On Saturday, for probably the only time this season, the Michigan men’s basketball team will face off against a more youthful squad.

The South Carolina Upstate roster lists 10 players new to the team, including eight true freshmen — making the Spartans the third youngest college basketball team in the country.

Picked to finish dead last in the Atlantic Sun Conference, USC Upstate is coming off a 6-23 season. The Spartans return two four-year starters in seniors Mezie Uzochukwu and Josh Chavis.

The Wolverines (1-0 overall) shook off their first game jitters in a nine-point win over Saginaw Valley State last weekend, so USC Upstate should prove to be a good benchmark as to where the team stands against other young teams.

On the offensive end, the Wolverines will need to improve on last weekend’s 35.2 percent shooting in order to prove that they are as good of a shooting team in games as they say they are in practice.

Also, more players will have to step up to round out the team's scoring — especially without a Manny Harris-like output coming from any single player. In the SVSU game, only two players scored in double digits: freshman Evan Smotrycz and sophomore Darius Morris.

“We have to make shots,” Michigan coach John Beilein said after last Saturday’s win. “We’d have those games when we’d get leverage from Deshawn Sims for 15 to 20 points a game. There’s not a lot of that right now. It’s developing.”

Playing against such an inexperienced team will give the Wolverines a chance to run the fast-break offense that Beilein installed this year. He said during Big Ten Media Day on Oct. 28 that this year’s team has picked up the fast break better than any team in recent memory.

But that wasn’t on display against the Cardinals, as Michigan didn’t score a single fast-break point.

“We have to push tempo,” Beilein said at Big Ten Media Day. “Even though we might not shoot it, depending on our depth, walking the ball up the court, we gotta only do that when we’re up by 10 with two minutes left.”

After an impressive first game in which he pulled down 15 boards, freshman Jordan Morgan will also have his hands full in the post.

“Fifteen rebounds was a good number against anybody," Beilein said after the SVSU game. "We like the fact that he’s getting traffic rebounds. It’s not the ones that came to him, he went up and got some balls. He looked like Deshawn Sims at times.”

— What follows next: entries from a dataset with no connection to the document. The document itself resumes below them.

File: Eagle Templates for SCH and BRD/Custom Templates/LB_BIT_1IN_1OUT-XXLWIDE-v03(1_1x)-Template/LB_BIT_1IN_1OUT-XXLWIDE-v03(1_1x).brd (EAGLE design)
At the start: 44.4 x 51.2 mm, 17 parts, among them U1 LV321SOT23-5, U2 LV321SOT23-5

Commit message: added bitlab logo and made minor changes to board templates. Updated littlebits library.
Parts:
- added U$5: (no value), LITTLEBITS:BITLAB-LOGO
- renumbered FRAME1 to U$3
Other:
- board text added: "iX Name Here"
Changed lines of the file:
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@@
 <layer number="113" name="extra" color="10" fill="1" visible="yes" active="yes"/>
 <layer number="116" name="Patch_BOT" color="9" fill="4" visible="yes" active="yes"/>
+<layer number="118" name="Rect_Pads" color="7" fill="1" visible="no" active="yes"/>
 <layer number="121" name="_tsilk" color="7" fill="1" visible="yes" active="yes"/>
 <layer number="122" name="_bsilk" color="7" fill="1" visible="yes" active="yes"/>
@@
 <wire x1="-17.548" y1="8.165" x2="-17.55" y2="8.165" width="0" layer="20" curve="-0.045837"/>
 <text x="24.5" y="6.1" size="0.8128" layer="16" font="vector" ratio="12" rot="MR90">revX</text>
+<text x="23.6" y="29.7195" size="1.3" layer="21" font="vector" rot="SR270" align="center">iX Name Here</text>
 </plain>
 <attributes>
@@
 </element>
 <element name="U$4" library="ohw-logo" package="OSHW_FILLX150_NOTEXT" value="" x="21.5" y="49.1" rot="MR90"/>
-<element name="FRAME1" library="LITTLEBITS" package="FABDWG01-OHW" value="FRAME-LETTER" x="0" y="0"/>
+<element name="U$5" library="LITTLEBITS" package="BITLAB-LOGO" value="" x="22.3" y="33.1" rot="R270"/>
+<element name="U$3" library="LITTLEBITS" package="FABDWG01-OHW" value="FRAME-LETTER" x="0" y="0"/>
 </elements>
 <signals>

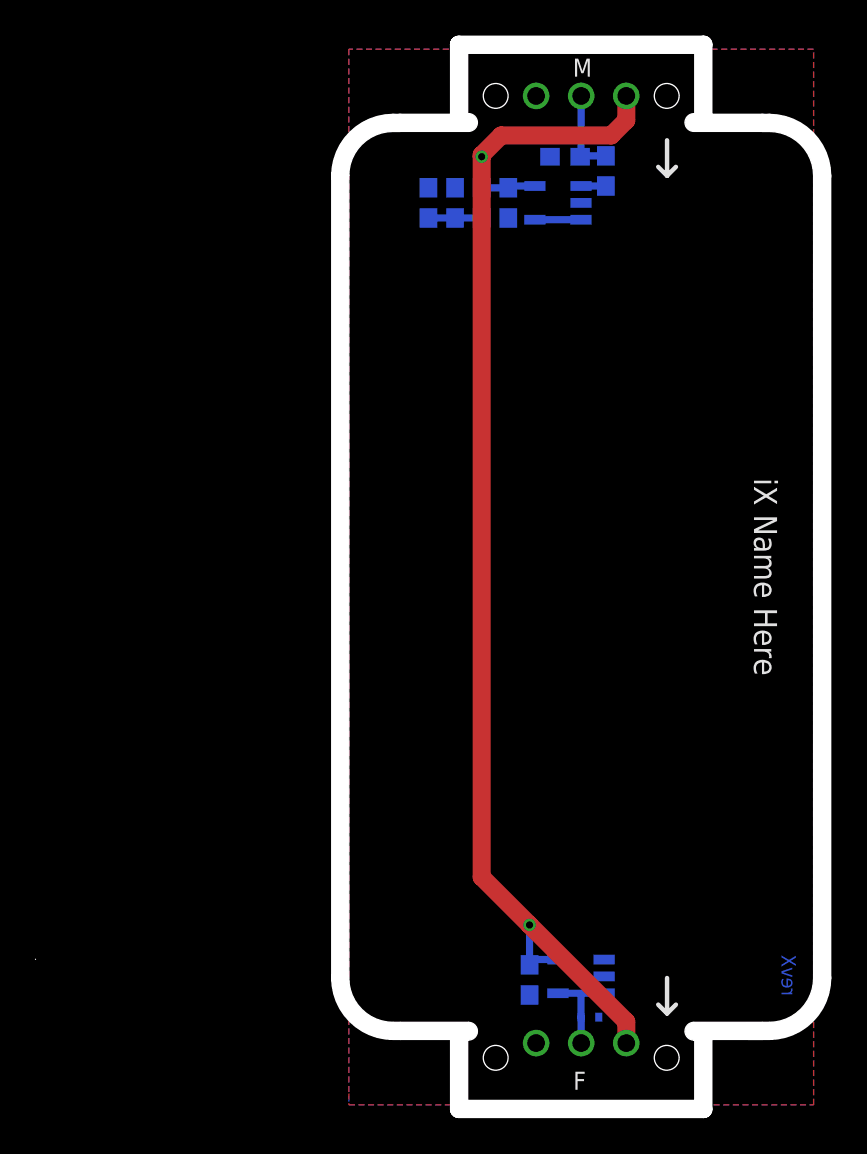
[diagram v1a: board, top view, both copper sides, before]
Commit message: Updated templates
- Added ferrite beads
- Moved text and annotations off of Nets layer
- Minor layout changes
- Removed I/O/W prefix from reference designators
- Removed output stage components from output bits
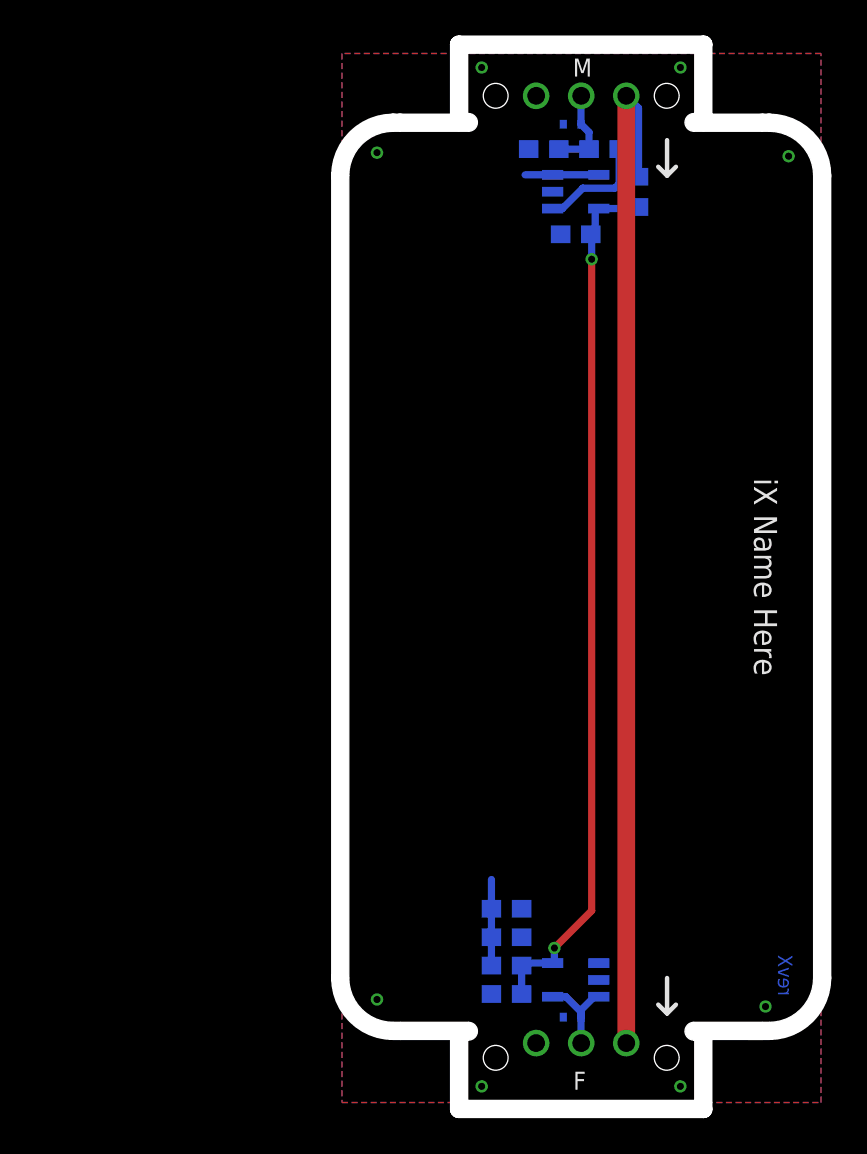
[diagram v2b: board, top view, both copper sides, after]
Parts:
- removed I?BSM: BITSNAP_V03_MALE, bitSnap:BITSNAP_V03_MALE
- removed I?C1: 0.1uF, LITTLEBITS:CAP-0603
- removed I?C2: 10uF, LITTLEBITS:CAP-0603
- removed I?C3: 1.0uF, LITTLEBITS:CAP-0603
- removed I?R1: 1meg, LITTLEBITS:RES-0603
- removed I?R2: 10K, LITTLEBITS:RES-0603
- removed I?R3, I?R4: 3K3, LITTLEBITS:RES-0603
- removed I?TVS1, I?TVS2: ESD9B5.0ST5G, LITTLEBITS:SOD-923
- added BSM1: BITSNAP_V03_MALE, bitSnap:BITSNAP_V03_MALE
- added C1: 0.1uF, LITTLEBITS:CAP-0603
- added C2: 10uF, LITTLEBITS:CAP-0603
- added C3: 1.0uF, LITTLEBITS:CAP-0603
- added FB1: FERRITE-BEAD0603, LITTLEBITS:R0603
- added R1: 1meg, LITTLEBITS:RES-0603
- added R2: 10K, LITTLEBITS:RES-0603
- added R3, R4: 3K3, LITTLEBITS:RES-0603
- added TVS1, TVS2: ESD9B5.0ST5G, LITTLEBITS:SOD-923
- U$1: value OSHWCREDIT -> OSHW-LOGOL; device LITTLEBITS:OSHWCREDIT -> LITTLEBITS131206:OSHW-LOGO-L
- U$2: value OSHW-LOGOL -> OSHWCREDIT; device LITTLEBITS131206:OSHW-LOGO-L -> LITTLEBITS:OSHWCREDIT
- U$3: value FRAME-LETTER -> (none); device LITTLEBITS:FABDWG01-OHW -> LITTLEBITS:BITLAB-LOGO
- U$5: value (none) -> FRAME-LETTER-OHWOHW; device LITTLEBITS:BITLAB-LOGO -> LITTLEBITS:FABDWG01-OHW
- moved U$2 61.9 mm to (-92.2, -64.3)
- moved U$1 50.2 mm to (-37.5, -68.2)
- moved U$3 39.9 mm to (22.3, 33.1), turned to 270 degrees
- moved U$5 39.9 mm to (0.00, 0.00), turned to 0 degrees
- moved U1 1.18 mm to (12.9, 51.4), turned to 90 degrees
- moved U2 0.36 mm to (12.9, 7.00)
- renumbered I?BSF to BSF1
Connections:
- removed net N$9: I?R2.1, U1.1
- new net LB_VCC: BSF1.VCC, BSM1.VCC1, FB1.2
- new net N$4: R2.1, U1.1
- net GND: now also BSM1.GND1, C1.2, C2.2, C3.1, R1.1, R4.1, TVS1.1, TVS2.1; no longer I?BSM.GND1, I?C1.2, I?C2.2, I?C3.1, I?R1.1, I?R4.1, I?TVS1.1, I?TVS2.1
- net SIG_IN: now also BSM1.SIG1, R1.2, R2.2, TVS1.2; no longer I?BSM.SIG1, I?R1.2, I?R2.2, I?TVS1.2
- net SIG_OUT: now also TVS2.2; no longer I?TVS2.2
- net VCC: now also C1.1, C3.2, FB1.1, R3.2; no longer BSF1.VCC, I?BSM.VCC1, I?C1.1, I?C3.2, I?R3.2
- net VREF: now also C2.1, R3.1, R4.2; no longer I?C2.1, I?R3.1, I?R4.2
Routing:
- net LB_VCC: track 0.00 -> 58.2 mm
- net VCC: track 72.5 -> 50.1 mm
- net N$4: track 0.00 -> 6.28 mm
- net VREF: track 3.00 -> 4.85 mm
- net N$2: track 2.60 -> 4.15 mm
- net N$9: track 1.40 -> 0.00 mm
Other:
- board size 44.4 x 51.2 mm -> 27.2 x 51.2 mm

Morgan, who scored nine points against the Cardinals, will most likely match up with the 6-foot-5 Uzochukwu, who averaged nearly nine points per game shooting 48-percent from the field last year.

This first regular-season game will be a building block for the Wolverines, as the team looks forward to the Legends Classic in Atlantic City where the team will square off against Syracuse and the winner of Georgia Tech/UTEP over Thanksgiving break.